=== Section Start ===

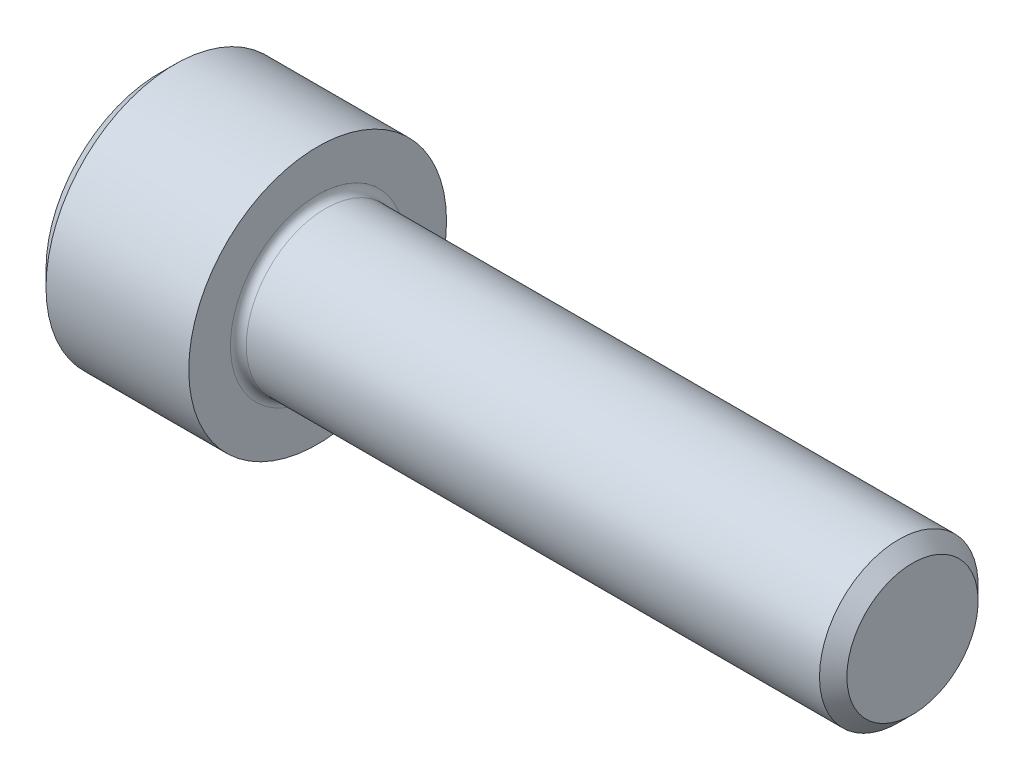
ISO-10303-21;
HEADER;
FILE_DESCRIPTION(('STEP AP214'),'2;1');
FILE_NAME('part.step','',(''),(''),'','','');
FILE_SCHEMA(('AUTOMOTIVE_DESIGN { 1 0 10303 214 1 1 1 1 }'));
ENDSEC;
DATA;
#1=APPLICATION_CONTEXT('core data for automotive mechanical design processes');
#2=APPLICATION_PROTOCOL_DEFINITION('international standard','automotive_design',2000,#1);
#3=PRODUCT_CONTEXT('',#1,'mechanical');
#4=PRODUCT('Part','Part','',(#3));
#5=PRODUCT_RELATED_PRODUCT_CATEGORY('part','',(#4));
#6=PRODUCT_DEFINITION_FORMATION('','',#4);
#7=PRODUCT_DEFINITION_CONTEXT('part definition',#1,'design');
#8=PRODUCT_DEFINITION('design','',#6,#7);
#9=PRODUCT_DEFINITION_SHAPE('','',#8);
#10=(LENGTH_UNIT() NAMED_UNIT(*) SI_UNIT(.MILLI.,.METRE.));
#11=(NAMED_UNIT(*) PLANE_ANGLE_UNIT() SI_UNIT($,.RADIAN.));
#12=(NAMED_UNIT(*) SI_UNIT($,.STERADIAN.) SOLID_ANGLE_UNIT());
#13=UNCERTAINTY_MEASURE_WITH_UNIT(LENGTH_MEASURE(1.E-05),#10,'distance_accuracy_value','');
#14=(GEOMETRIC_REPRESENTATION_CONTEXT(3) GLOBAL_UNCERTAINTY_ASSIGNED_CONTEXT((#13)) GLOBAL_UNIT_ASSIGNED_CONTEXT((#10,
#11,#12)) REPRESENTATION_CONTEXT('',''));
#15=CARTESIAN_POINT('',(0.,0.,0.));
#16=DIRECTION('',(0.,0.,1.));
#17=DIRECTION('',(1.,0.,0.));
#18=AXIS2_PLACEMENT_3D('',#15,#16,#17);
#19=CARTESIAN_POINT('',(0.,0.,0.));
#20=DIRECTION('',(-1.,0.,0.));
#21=DIRECTION('',(0.,0.,1.));
#22=AXIS2_PLACEMENT_3D('',#19,#20,#21);
#23=PLANE('',#22);
#24=DIRECTION('',(0.,-0.499999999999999,0.866025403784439));
#25=VECTOR('',#24,1.);
#26=CARTESIAN_POINT('',(0.,3.51894989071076,0.));
#27=LINE('',#26,#25);
#28=CARTESIAN_POINT('',(0.,3.51894989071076,0.));
#29=VERTEX_POINT('',#28);
#30=CARTESIAN_POINT('',(0.,1.75947494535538,3.0475));
#31=VERTEX_POINT('',#30);
#32=EDGE_CURVE('E370',#29,#31,#27,.T.);
#33=ORIENTED_EDGE('',*,*,#32,.T.);
#34=DIRECTION('',(0.,1.,0.));
#35=VECTOR('',#34,1.);
#36=CARTESIAN_POINT('',(0.,-1.75947494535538,3.0475));
#37=LINE('',#36,#35);
#38=CARTESIAN_POINT('',(0.,-1.75947494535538,3.0475));
#39=VERTEX_POINT('',#38);
#40=EDGE_CURVE('E126',#39,#31,#37,.T.);
#41=ORIENTED_EDGE('',*,*,#40,.F.);
#42=DIRECTION('',(0.,-0.500000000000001,-0.866025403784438));
#43=VECTOR('',#42,1.);
#44=CARTESIAN_POINT('',(0.,-1.75947494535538,3.0475));
#45=LINE('',#44,#43);
#46=CARTESIAN_POINT('',(0.,-3.51894989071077,0.));
#47=VERTEX_POINT('',#46);
#48=EDGE_CURVE('E373',#39,#47,#45,.T.);
#49=ORIENTED_EDGE('',*,*,#48,.T.);
#50=DIRECTION('',(0.,0.499999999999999,-0.866025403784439));
#51=VECTOR('',#50,1.);
#52=CARTESIAN_POINT('',(0.,-3.51894989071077,0.));
#53=LINE('',#52,#51);
#54=CARTESIAN_POINT('',(0.,-1.75947494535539,-3.0475));
#55=VERTEX_POINT('',#54);
#56=EDGE_CURVE('E376',#47,#55,#53,.T.);
#57=ORIENTED_EDGE('',*,*,#56,.T.);
#58=DIRECTION('',(0.,-1.,0.));
#59=VECTOR('',#58,1.);
#60=CARTESIAN_POINT('',(0.,1.75947494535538,-3.0475));
#61=LINE('',#60,#59);
#62=CARTESIAN_POINT('',(0.,1.75947494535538,-3.0475));
#63=VERTEX_POINT('',#62);
#64=EDGE_CURVE('E379',#63,#55,#61,.T.);
#65=ORIENTED_EDGE('',*,*,#64,.F.);
#66=DIRECTION('',(0.,-0.500000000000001,-0.866025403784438));
#67=VECTOR('',#66,1.);
#68=CARTESIAN_POINT('',(0.,3.51894989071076,0.));
#69=LINE('',#68,#67);
#70=EDGE_CURVE('E121',#29,#63,#69,.T.);
#71=ORIENTED_EDGE('',*,*,#70,.F.);
#72=EDGE_LOOP('',(#33,#41,#49,#57,#65,#71));
#73=FACE_BOUND('',#72,.T.);
#74=CARTESIAN_POINT('',(0.,0.,0.));
#75=DIRECTION('',(-1.,0.,0.));
#76=DIRECTION('',(0.,0.,1.));
#77=AXIS2_PLACEMENT_3D('',#74,#75,#76);
#78=CIRCLE('',#77,5.7);
#79=CARTESIAN_POINT('',(0.,0.,5.7));
#80=VERTEX_POINT('',#79);
#81=EDGE_CURVE('E137',#80,#80,#78,.T.);
#82=ORIENTED_EDGE('',*,*,#81,.T.);
#83=EDGE_LOOP('',(#82));
#84=FACE_BOUND('',#83,.T.);
#85=ADVANCED_FACE('F30',(#73,#84),#23,.T.);
#86=CARTESIAN_POINT('',(38.,3.3095,0.));
#87=DIRECTION('',(1.,0.,0.));
#88=DIRECTION('',(0.,0.,-1.));
#89=AXIS2_PLACEMENT_3D('',#86,#87,#88);
#90=PLANE('',#89);
#91=CARTESIAN_POINT('',(38.,0.,0.));
#92=DIRECTION('',(-1.,0.,0.));
#93=DIRECTION('',(0.,0.,1.));
#94=AXIS2_PLACEMENT_3D('',#91,#92,#93);
#95=CIRCLE('',#94,3.3095);
#96=CARTESIAN_POINT('',(38.,0.,3.3095));
#97=VERTEX_POINT('',#96);
#98=EDGE_CURVE('E150',#97,#97,#95,.T.);
#99=ORIENTED_EDGE('',*,*,#98,.F.);
#100=EDGE_LOOP('',(#99));
#101=FACE_BOUND('',#100,.T.);
#102=ADVANCED_FACE('F171',(#101),#90,.T.);
#103=CARTESIAN_POINT('',(38.,0.,0.));
#104=DIRECTION('',(-1.,0.,0.));
#105=DIRECTION('',(0.,0.,1.));
#106=AXIS2_PLACEMENT_3D('',#103,#104,#105);
#107=CONICAL_SURFACE('',#106,3.3095,0.785398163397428);
#108=CARTESIAN_POINT('',(37.3095,0.,0.));
#109=DIRECTION('',(-1.,0.,0.));
#110=DIRECTION('',(0.,0.,1.));
#111=AXIS2_PLACEMENT_3D('',#108,#109,#110);
#112=CIRCLE('',#111,3.99999999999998);
#113=CARTESIAN_POINT('',(37.3095,0.,3.99999999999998));
#114=VERTEX_POINT('',#113);
#115=EDGE_CURVE('E147',#114,#114,#112,.T.);
#116=ORIENTED_EDGE('',*,*,#115,.F.);
#117=EDGE_LOOP('',(#116));
#118=FACE_BOUND('',#117,.T.);
#119=ORIENTED_EDGE('',*,*,#98,.T.);
#120=EDGE_LOOP('',(#119));
#121=FACE_BOUND('',#120,.T.);
#122=ADVANCED_FACE('F177',(#118,#121),#107,.T.);
#123=CARTESIAN_POINT('',(-31.75,0.,0.));
#124=DIRECTION('',(-1.,0.,0.));
#125=DIRECTION('',(0.,0.,1.));
#126=AXIS2_PLACEMENT_3D('',#123,#124,#125);
#127=CYLINDRICAL_SURFACE('',#126,3.99999999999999);
#128=CARTESIAN_POINT('',(8.4,0.,0.));
#129=DIRECTION('',(1.,0.,0.));
#130=DIRECTION('',(0.,0.,-1.));
#131=AXIS2_PLACEMENT_3D('',#128,#129,#130);
#132=CIRCLE('',#131,3.99999999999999);
#133=CARTESIAN_POINT('',(8.4,0.,-3.99999999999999));
#134=VERTEX_POINT('',#133);
#135=EDGE_CURVE('E11',#134,#134,#132,.T.);
#136=ORIENTED_EDGE('',*,*,#135,.T.);
#137=EDGE_LOOP('',(#136));
#138=FACE_BOUND('',#137,.T.);
#139=ORIENTED_EDGE('',*,*,#115,.T.);
#140=EDGE_LOOP('',(#139));
#141=FACE_BOUND('',#140,.T.);
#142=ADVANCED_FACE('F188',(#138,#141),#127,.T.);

=== Section End ===

WHAT YOU WILL DO:
There is a run of lines above from the one with "#3=PRODUCT_CONTEXT('',#1,'mechanical');" to the one with "#12=(NAMED_UNIT(*) SI_UNIT($,.STERADIAN.) SOLID_ANGLE_UNIT());"; print exactly that run, both ends included, and nothing else.

ANSWER BELOW:
#3=PRODUCT_CONTEXT('',#1,'mechanical');
#4=PRODUCT('Part','Part','',(#3));
#5=PRODUCT_RELATED_PRODUCT_CATEGORY('part','',(#4));
#6=PRODUCT_DEFINITION_FORMATION('','',#4);
#7=PRODUCT_DEFINITION_CONTEXT('part definition',#1,'design');
#8=PRODUCT_DEFINITION('design','',#6,#7);
#9=PRODUCT_DEFINITION_SHAPE('','',#8);
#10=(LENGTH_UNIT() NAMED_UNIT(*) SI_UNIT(.MILLI.,.METRE.));
#11=(NAMED_UNIT(*) PLANE_ANGLE_UNIT() SI_UNIT($,.RADIAN.));
#12=(NAMED_UNIT(*) SI_UNIT($,.STERADIAN.) SOLID_ANGLE_UNIT());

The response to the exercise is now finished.